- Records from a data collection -
"""
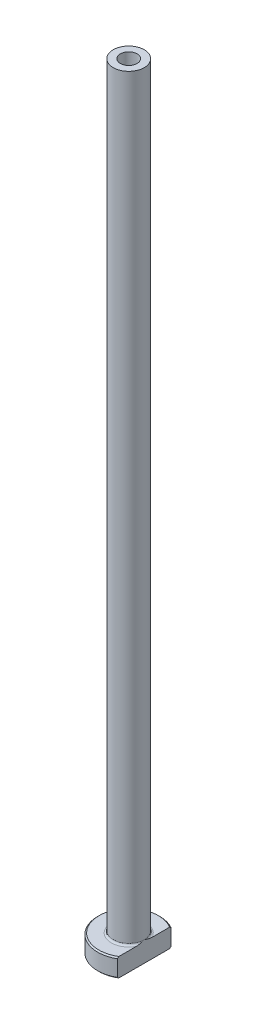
ISO-10303-21;
HEADER;
FILE_DESCRIPTION(('STEP AP214'),'2;1');
FILE_NAME('part.step','',(''),(''),'','','');
FILE_SCHEMA(('AUTOMOTIVE_DESIGN { 1 0 10303 214 1 1 1 1 }'));
ENDSEC;
DATA;
#1=APPLICATION_CONTEXT('core data for automotive mechanical design processes');
#2=APPLICATION_PROTOCOL_DEFINITION('international standard','automotive_design',2000,#1);
#3=PRODUCT_CONTEXT('',#1,'mechanical');
#4=PRODUCT('Part','Part','',(#3));
#5=PRODUCT_RELATED_PRODUCT_CATEGORY('part','',(#4));
#6=PRODUCT_DEFINITION_FORMATION('','',#4);
#7=PRODUCT_DEFINITION_CONTEXT('part definition',#1,'design');
#8=PRODUCT_DEFINITION('design','',#6,#7);
#9=PRODUCT_DEFINITION_SHAPE('','',#8);
#10=(LENGTH_UNIT() NAMED_UNIT(*) SI_UNIT(.MILLI.,.METRE.));
#11=(NAMED_UNIT(*) PLANE_ANGLE_UNIT() SI_UNIT($,.RADIAN.));
#12=(NAMED_UNIT(*) SI_UNIT($,.STERADIAN.) SOLID_ANGLE_UNIT());
#13=UNCERTAINTY_MEASURE_WITH_UNIT(LENGTH_MEASURE(1.E-05),#10,'distance_accuracy_value','');
#14=(GEOMETRIC_REPRESENTATION_CONTEXT(3) GLOBAL_UNCERTAINTY_ASSIGNED_CONTEXT((#13)) GLOBAL_UNIT_ASSIGNED_CONTEXT((#10,
#11,#12)) REPRESENTATION_CONTEXT('',''));
#15=CARTESIAN_POINT('',(0.,0.,0.));
#16=DIRECTION('',(0.,0.,1.));
#17=DIRECTION('',(1.,0.,0.));
#18=AXIS2_PLACEMENT_3D('',#15,#16,#17);
#19=CARTESIAN_POINT('',(0.,92.1876809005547,0.));
#20=DIRECTION('',(0.,1.,0.));
#21=DIRECTION('',(0.,0.,1.));
#22=AXIS2_PLACEMENT_3D('',#19,#20,#21);
#23=CYLINDRICAL_SURFACE('',#22,1.35);
#24=CARTESIAN_POINT('',(0.,125.,0.));
#25=DIRECTION('',(0.,1.,0.));
#26=DIRECTION('',(0.,0.,1.));
#27=AXIS2_PLACEMENT_3D('',#24,#25,#26);
#28=CIRCLE('',#27,1.35);
#29=CARTESIAN_POINT('',(0.,125.,1.35));
#30=VERTEX_POINT('',#29);
#31=EDGE_CURVE('E167',#30,#30,#28,.T.);
#32=ORIENTED_EDGE('',*,*,#31,.T.);
#33=EDGE_LOOP('',(#32));
#34=FACE_BOUND('',#33,.T.);
#35=CARTESIAN_POINT('',(0.,80.,0.));
#36=DIRECTION('',(0.,1.,0.));
#37=DIRECTION('',(0.,0.,1.));
#38=AXIS2_PLACEMENT_3D('',#35,#36,#37);
#39=CIRCLE('',#38,1.35);
#40=CARTESIAN_POINT('',(0.,80.,1.35));
#41=VERTEX_POINT('',#40);
#42=EDGE_CURVE('E170',#41,#41,#39,.T.);
#43=ORIENTED_EDGE('',*,*,#42,.F.);
#44=EDGE_LOOP('',(#43));
#45=FACE_BOUND('',#44,.T.);
#46=ADVANCED_FACE('F32',(#34,#45),#23,.F.);
#47=CARTESIAN_POINT('',(-1.35,125.,0.));
#48=DIRECTION('',(0.,1.,0.));
#49=DIRECTION('',(0.,0.,1.));
#50=AXIS2_PLACEMENT_3D('',#47,#48,#49);
#51=PLANE('',#50);
#52=CARTESIAN_POINT('',(0.,125.,0.));
#53=DIRECTION('',(0.,1.,0.));
#54=DIRECTION('',(0.,0.,1.));
#55=AXIS2_PLACEMENT_3D('',#52,#53,#54);
#56=CIRCLE('',#55,2.5);
#57=CARTESIAN_POINT('',(0.,125.,2.5));
#58=VERTEX_POINT('',#57);
#59=EDGE_CURVE('E174',#58,#58,#56,.T.);
#60=ORIENTED_EDGE('',*,*,#59,.T.);
#61=EDGE_LOOP('',(#60));
#62=FACE_BOUND('',#61,.T.);
#63=ORIENTED_EDGE('',*,*,#31,.F.);
#64=EDGE_LOOP('',(#63));
#65=FACE_BOUND('',#64,.T.);
#66=ADVANCED_FACE('F157',(#62,#65),#51,.T.);
#67=CARTESIAN_POINT('',(0.,92.1876809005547,0.));
#68=DIRECTION('',(0.,1.,0.));
#69=DIRECTION('',(0.,0.,1.));
#70=AXIS2_PLACEMENT_3D('',#67,#68,#69);
#71=CYLINDRICAL_SURFACE('',#70,2.5);
#72=CARTESIAN_POINT('',(0.,3.3,0.));
#73=DIRECTION('',(0.,1.,0.));
#74=DIRECTION('',(0.,0.,1.));
#75=AXIS2_PLACEMENT_3D('',#72,#73,#74);
#76=CIRCLE('',#75,2.5);
#77=CARTESIAN_POINT('',(2.5,3.3,0.));
#78=VERTEX_POINT('',#77);
#79=EDGE_CURVE('E180',#78,#78,#76,.T.);
#80=ORIENTED_EDGE('',*,*,#79,.T.);
#81=EDGE_LOOP('',(#80));
#82=FACE_BOUND('',#81,.T.);
#83=ORIENTED_EDGE('',*,*,#59,.F.);
#84=EDGE_LOOP('',(#83));
#85=FACE_BOUND('',#84,.T.);
#86=ADVANCED_FACE('F162',(#82,#85),#71,.T.);
#87=CARTESIAN_POINT('',(-2.49999999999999,3.,0.));
#88=DIRECTION('',(0.,1.,0.));
#89=DIRECTION('',(0.,0.,1.));
#90=AXIS2_PLACEMENT_3D('',#87,#88,#89);
#91=PLANE('',#90);
#92=DIRECTION('',(0.,0.,1.));
#93=VECTOR('',#92,1.);
#94=CARTESIAN_POINT('',(2.49999999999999,3.,0.));
#95=LINE('',#94,#93);
#96=CARTESIAN_POINT('',(2.5,3.,-4.0975602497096));
#97=VERTEX_POINT('',#96);
#98=CARTESIAN_POINT('',(2.49999999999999,3.,-1.26095202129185));
#99=VERTEX_POINT('',#98);
#100=EDGE_CURVE('E54',#97,#99,#95,.T.);
#101=ORIENTED_EDGE('',*,*,#100,.F.);
#102=CARTESIAN_POINT('',(0.,3.,0.));
#103=DIRECTION('',(0.,1.,0.));
#104=DIRECTION('',(0.,0.,1.));
#105=AXIS2_PLACEMENT_3D('',#102,#103,#104);
#106=CIRCLE('',#105,4.80000000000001);
#107=CARTESIAN_POINT('',(2.49999999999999,3.,4.0975602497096));
#108=VERTEX_POINT('',#107);
#109=EDGE_CURVE('E186',#97,#108,#106,.T.);
#110=ORIENTED_EDGE('',*,*,#109,.T.);
#111=CARTESIAN_POINT('',(2.49999999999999,3.,1.26095202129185));
#112=VERTEX_POINT('',#111);
#113=EDGE_CURVE('E134',#112,#108,#95,.T.);
#114=ORIENTED_EDGE('',*,*,#113,.F.);
#115=CARTESIAN_POINT('',(0.,3.,0.));
#116=DIRECTION('',(0.,1.,0.));
#117=DIRECTION('',(0.,0.,1.));
#118=AXIS2_PLACEMENT_3D('',#115,#116,#117);
#119=CIRCLE('',#118,2.8);
#120=EDGE_CURVE('E183',#112,#99,#119,.F.);
#121=ORIENTED_EDGE('',*,*,#120,.T.);
#122=EDGE_LOOP('',(#101,#110,#114,#121));
#123=FACE_BOUND('',#122,.T.);
#124=ADVANCED_FACE('F197',(#123),#91,.T.);
#125=CARTESIAN_POINT('',(0.,92.1876809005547,0.));
#126=DIRECTION('',(0.,1.,0.));
#127=DIRECTION('',(0.,0.,1.));
#128=AXIS2_PLACEMENT_3D('',#125,#126,#127);
#129=CYLINDRICAL_SURFACE('',#128,4.99999999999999);
#130=DIRECTION('',(0.,-1.,0.));
#131=VECTOR('',#130,1.);
#132=CARTESIAN_POINT('',(2.49999999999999,125.,4.33012701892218));
#133=LINE('',#132,#131);
#134=CARTESIAN_POINT('',(2.49999999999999,2.80000000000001,4.33012701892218));
#135=VERTEX_POINT('',#134);
#136=CARTESIAN_POINT('',(2.49999999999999,0.200000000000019,4.33012701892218));
#137=VERTEX_POINT('',#136);
#138=EDGE_CURVE('E82',#135,#137,#133,.T.);
#139=ORIENTED_EDGE('',*,*,#138,.F.);
#140=CARTESIAN_POINT('',(0.,2.80000000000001,0.));
#141=DIRECTION('',(0.,1.,0.));
#142=DIRECTION('',(0.,0.,1.));
#143=AXIS2_PLACEMENT_3D('',#140,#141,#142);
#144=CIRCLE('',#143,4.99999999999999);
#145=CARTESIAN_POINT('',(2.5,2.80000000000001,-4.33012701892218));
#146=VERTEX_POINT('',#145);
#147=EDGE_CURVE('E95',#135,#146,#144,.F.);
#148=ORIENTED_EDGE('',*,*,#147,.T.);
#149=DIRECTION('',(0.,-1.,0.));
#150=VECTOR('',#149,1.);
#151=CARTESIAN_POINT('',(2.5,125.,-4.33012701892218));
#152=LINE('',#151,#150);
#153=CARTESIAN_POINT('',(2.5,0.20000000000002,-4.33012701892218));
#154=VERTEX_POINT('',#153);
#155=EDGE_CURVE('E192',#146,#154,#152,.T.);
#156=ORIENTED_EDGE('',*,*,#155,.T.);
#157=CARTESIAN_POINT('',(0.,0.20000000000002,0.));
#158=DIRECTION('',(0.,-1.,0.));
#159=DIRECTION('',(0.,0.,-1.));
#160=AXIS2_PLACEMENT_3D('',#157,#158,#159);
#161=CIRCLE('',#160,4.99999999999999);
#162=EDGE_CURVE('E98',#154,#137,#161,.F.);
#163=ORIENTED_EDGE('',*,*,#162,.T.);
#164=EDGE_LOOP('',(#139,#148,#156,#163));
#165=FACE_BOUND('',#164,.T.);
#166=ADVANCED_FACE('F190',(#165),#129,.T.);
#167=CARTESIAN_POINT('',(-4.99999999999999,0.,0.));
#168=DIRECTION('',(0.,-1.,0.));
#169=DIRECTION('',(0.,0.,-1.));
#170=AXIS2_PLACEMENT_3D('',#167,#168,#169);
#171=PLANE('',#170);
#172=CARTESIAN_POINT('',(0.,0.,0.));
#173=DIRECTION('',(0.,-1.,0.));
#174=DIRECTION('',(0.,0.,-1.));
#175=AXIS2_PLACEMENT_3D('',#172,#173,#174);
#176=CIRCLE('',#175,2.09999999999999);
#177=CARTESIAN_POINT('',(0.,0.,-2.09999999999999));
#178=VERTEX_POINT('',#177);
#179=EDGE_CURVE('E40',#178,#178,#176,.F.);
#180=ORIENTED_EDGE('',*,*,#179,.T.);
#181=EDGE_LOOP('',(#180));
#182=FACE_BOUND('',#181,.T.);
#183=DIRECTION('',(0.,0.,-1.));
#184=VECTOR('',#183,1.);
#185=CARTESIAN_POINT('',(2.49999999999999,0.,4.33012701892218));
#186=LINE('',#185,#184);
#187=CARTESIAN_POINT('',(2.49999999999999,0.,4.09756024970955));
#188=VERTEX_POINT('',#187);
#189=CARTESIAN_POINT('',(2.5,0.,-4.09756024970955));
#190=VERTEX_POINT('',#189);
#191=EDGE_CURVE('E47',#188,#190,#186,.T.);
#192=ORIENTED_EDGE('',*,*,#191,.F.);
#193=CARTESIAN_POINT('',(0.,0.,0.));
#194=DIRECTION('',(0.,-1.,0.));
#195=DIRECTION('',(0.,0.,-1.));
#196=AXIS2_PLACEMENT_3D('',#193,#194,#195);
#197=CIRCLE('',#196,4.79999999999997);
#198=EDGE_CURVE('E92',#188,#190,#197,.T.);
#199=ORIENTED_EDGE('',*,*,#198,.T.);
#200=EDGE_LOOP('',(#192,#199));
#201=FACE_BOUND('',#200,.T.);
#202=ADVANCED_FACE('F91',(#182,#201),#171,.T.);
#203=CARTESIAN_POINT('',(0.,92.1876809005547,0.));
#204=DIRECTION('',(0.,1.,0.));
#205=DIRECTION('',(0.,0.,1.));
#206=AXIS2_PLACEMENT_3D('',#203,#204,#205);
#207=CYLINDRICAL_SURFACE('',#206,1.59999999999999);
#208=CARTESIAN_POINT('',(0.,0.499999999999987,0.));
#209=DIRECTION('',(0.,-1.,0.));
#210=DIRECTION('',(0.,0.,-1.));
#211=AXIS2_PLACEMENT_3D('',#208,#209,#210);
#212=CIRCLE('',#211,1.59999999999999);
#213=CARTESIAN_POINT('',(0.,0.499999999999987,-1.59999999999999));
#214=VERTEX_POINT('',#213);
#215=EDGE_CURVE('E11',#214,#214,#212,.T.);
#216=ORIENTED_EDGE('',*,*,#215,.T.);
#217=EDGE_LOOP('',(#216));
#218=FACE_BOUND('',#217,.T.);
#219=CARTESIAN_POINT('',(0.,68.,0.));
#220=DIRECTION('',(0.,1.,0.));
#221=DIRECTION('',(0.,0.,1.));
#222=AXIS2_PLACEMENT_3D('',#219,#220,#221);
#223=CIRCLE('',#222,1.6);
#224=CARTESIAN_POINT('',(0.,68.,1.6));
#225=VERTEX_POINT('',#224);
#226=EDGE_CURVE('E172',#225,#225,#223,.T.);
#227=ORIENTED_EDGE('',*,*,#226,.T.);
#228=EDGE_LOOP('',(#227));
#229=FACE_BOUND('',#228,.T.);
#230=ADVANCED_FACE('F215',(#218,#229),#207,.F.);
#231=CARTESIAN_POINT('',(0.,68.,0.));
#232=DIRECTION('',(0.,-1.,0.));
#233=DIRECTION('',(0.,0.,-1.));
#234=AXIS2_PLACEMENT_3D('',#231,#232,#233);
#235=CONICAL_SURFACE('',#234,1.6,0.0208303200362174);
#236=ORIENTED_EDGE('',*,*,#42,.T.);
#237=EDGE_LOOP('',(#236));
#238=FACE_BOUND('',#237,.T.);
#239=ORIENTED_EDGE('',*,*,#226,.F.);
#240=EDGE_LOOP('',(#239));
#241=FACE_BOUND('',#240,.T.);
#242=ADVANCED_FACE('F111',(#238,#241),#235,.F.);
#243=CARTESIAN_POINT('',(0.,3.3,0.));
#244=DIRECTION('',(0.,1.,0.));
#245=DIRECTION('',(0.,0.,1.));
#246=AXIS2_PLACEMENT_3D('',#243,#244,#245);
#247=TOROIDAL_SURFACE('',#246,2.8,0.3);
#248=ORIENTED_EDGE('',*,*,#120,.F.);
#249=CARTESIAN_POINT('',(2.5,3.3,0.));
#250=CARTESIAN_POINT('',(2.5,3.3000006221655,-4.84263612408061E-11));
#251=CARTESIAN_POINT('',(2.5,3.30000124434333,1.59620985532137E-07));
#252=CARTESIAN_POINT('',(2.5,3.30000243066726,6.45477798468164E-07));
#253=CARTESIAN_POINT('',(2.5,3.30000299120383,9.78480493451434E-07));
#254=CARTESIAN_POINT('',(2.5,3.30000411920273,1.77471950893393E-06));
#255=CARTESIAN_POINT('',(2.5,3.30000467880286,2.24902109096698E-06));
#256=CARTESIAN_POINT('',(2.5,3.30000572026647,3.25953640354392E-06));
#257=CARTESIAN_POINT('',(2.5,3.30000620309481,3.79480702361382E-06));
#258=CARTESIAN_POINT('',(2.5,3.30000787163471,5.75794575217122E-06));
#259=CARTESIAN_POINT('',(2.5,3.30000896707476,7.26424053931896E-06));
#260=CARTESIAN_POINT('',(2.5,3.30001087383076,1.03361123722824E-05));
#261=CARTESIAN_POINT('',(2.5,3.30001169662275,1.18949493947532E-05));
#262=CARTESIAN_POINT('',(2.5,3.30001489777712,1.81400843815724E-05));
#263=CARTESIAN_POINT('',(2.5,3.30001712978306,2.29062168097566E-05));
#264=CARTESIAN_POINT('',(2.5,3.30002067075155,3.21793855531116E-05));
#265=CARTESIAN_POINT('',(2.5,3.30002205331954,3.66588977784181E-05));
#266=CARTESIAN_POINT('',(2.5,3.30002810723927,5.61718387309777E-05));
#267=CARTESIAN_POINT('',(2.5,3.30003284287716,7.11735842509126E-05));
#268=CARTESIAN_POINT('',(2.5,3.30004025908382,9.89920300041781E-05));
#269=CARTESIAN_POINT('',(2.5,3.30004315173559,0.000111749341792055));
#270=CARTESIAN_POINT('',(2.5,3.30006652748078,0.000206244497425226));
#271=CARTESIAN_POINT('',(2.5,3.3000969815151,0.000285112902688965));
#272=CARTESIAN_POINT('',(2.49999999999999,3.3002121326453,0.000594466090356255));
#273=CARTESIAN_POINT('',(2.5,3.30028938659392,0.000826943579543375));
#274=CARTESIAN_POINT('',(2.5,3.30059681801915,0.00173885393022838));
#275=CARTESIAN_POINT('',(2.5,3.30083479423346,0.00241625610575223));
#276=CARTESIAN_POINT('',(2.49999999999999,3.30181198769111,0.00521069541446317));
#277=CARTESIAN_POINT('',(2.49999999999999,3.30254240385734,0.00732996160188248));
#278=CARTESIAN_POINT('',(2.5,3.3122604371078,0.0355096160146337));
#279=CARTESIAN_POINT('',(2.5,3.32130808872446,0.0615551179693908));
#280=CARTESIAN_POINT('',(2.49999999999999,3.33896212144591,0.112677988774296));
#281=CARTESIAN_POINT('',(2.49999999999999,3.3475721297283,0.137754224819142));
#282=CARTESIAN_POINT('',(2.5,3.36573068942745,0.190981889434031));
#283=CARTESIAN_POINT('',(2.5,3.37526654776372,0.219137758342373));
#284=CARTESIAN_POINT('',(2.5,3.39422867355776,0.27581610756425));
#285=CARTESIAN_POINT('',(2.5,3.40365272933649,0.304339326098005));
#286=CARTESIAN_POINT('',(2.5,3.42641697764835,0.374416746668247));
#287=CARTESIAN_POINT('',(2.5,3.43959811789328,0.416023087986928));
#288=CARTESIAN_POINT('',(2.5,3.46479157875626,0.498481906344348));
#289=CARTESIAN_POINT('',(2.5,3.47682455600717,0.539328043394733));
#290=CARTESIAN_POINT('',(2.5,3.50224427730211,0.629981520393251));
#291=CARTESIAN_POINT('',(2.5,3.51538048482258,0.679860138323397));
#292=CARTESIAN_POINT('',(2.5,3.5396407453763,0.780511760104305));
#293=CARTESIAN_POINT('',(2.5,3.55074877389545,0.831288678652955));
#294=CARTESIAN_POINT('',(2.5,3.57087054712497,0.937063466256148));
#295=CARTESIAN_POINT('',(2.5,3.57967623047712,0.992102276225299));
#296=CARTESIAN_POINT('',(2.5,3.59301148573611,1.10256024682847));
#297=CARTESIAN_POINT('',(2.5,3.59755297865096,1.15797790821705));
#298=CARTESIAN_POINT('',(2.5,3.60093314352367,1.26786705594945));
#299=CARTESIAN_POINT('',(2.5,3.5998936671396,1.32233291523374));
#300=CARTESIAN_POINT('',(2.5,3.59277279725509,1.40310062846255));
#301=CARTESIAN_POINT('',(2.5,3.58952137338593,1.42965222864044));
#302=CARTESIAN_POINT('',(2.5,3.58085857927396,1.48239078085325));
#303=CARTESIAN_POINT('',(2.5,3.57544928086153,1.50857805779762));
#304=CARTESIAN_POINT('',(2.5,3.56298810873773,1.55658799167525));
#305=CARTESIAN_POINT('',(2.5,3.55628200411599,1.57849902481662));
#306=CARTESIAN_POINT('',(2.5,3.54055393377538,1.62160292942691));
#307=CARTESIAN_POINT('',(2.5,3.53152220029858,1.64279233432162));
#308=CARTESIAN_POINT('',(2.5,3.51057199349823,1.68404469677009));
#309=CARTESIAN_POINT('',(2.5,3.49862012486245,1.70409105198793));
#310=CARTESIAN_POINT('',(2.5,3.47134074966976,1.74172093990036));
#311=CARTESIAN_POINT('',(2.5,3.45603127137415,1.75931683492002));
#312=CARTESIAN_POINT('',(2.5,3.42979930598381,1.78297070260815));
#313=CARTESIAN_POINT('',(2.5,3.42024268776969,1.79054141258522));
#314=CARTESIAN_POINT('',(2.5,3.40009035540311,1.80416997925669));
#315=CARTESIAN_POINT('',(2.5,3.38949499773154,1.81022835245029));
#316=CARTESIAN_POINT('',(2.5,3.36727740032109,1.82047087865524));
#317=CARTESIAN_POINT('',(2.5,3.35564531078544,1.8246340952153));
#318=CARTESIAN_POINT('',(2.5,3.33178837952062,1.83058442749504));
#319=CARTESIAN_POINT('',(2.5,3.31956435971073,1.83237474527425));
#320=CARTESIAN_POINT('',(2.5,3.2966573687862,1.83331852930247));
#321=CARTESIAN_POINT('',(2.5,3.28598670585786,1.8327923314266));
#322=CARTESIAN_POINT('',(2.5,3.26490749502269,1.82986307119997));
#323=CARTESIAN_POINT('',(2.5,3.25449899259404,1.82745968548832));
#324=CARTESIAN_POINT('',(2.5,3.23467098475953,1.82111257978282));
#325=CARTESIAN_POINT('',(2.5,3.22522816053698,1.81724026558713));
"""
- Work task -
Of all the entries above, repeat only the lines from the line that has "#115=CARTESIAN_POINT('',(0.,3.,0.));" to the line that has "#129=CYLINDRICAL_SURFACE('',#128,4.99999999999999);", both lines included, exactly.

- Expected output -
#115=CARTESIAN_POINT('',(0.,3.,0.));
#116=DIRECTION('',(0.,1.,0.));
#117=DIRECTION('',(0.,0.,1.));
#118=AXIS2_PLACEMENT_3D('',#115,#116,#117);
#119=CIRCLE('',#118,2.8);
#120=EDGE_CURVE('E183',#112,#99,#119,.F.);
#121=ORIENTED_EDGE('',*,*,#120,.T.);
#122=EDGE_LOOP('',(#101,#110,#114,#121));
#123=FACE_BOUND('',#122,.T.);
#124=ADVANCED_FACE('F197',(#123),#91,.T.);
#125=CARTESIAN_POINT('',(0.,92.1876809005547,0.));
#126=DIRECTION('',(0.,1.,0.));
#127=DIRECTION('',(0.,0.,1.));
#128=AXIS2_PLACEMENT_3D('',#125,#126,#127);
#129=CYLINDRICAL_SURFACE('',#128,4.99999999999999);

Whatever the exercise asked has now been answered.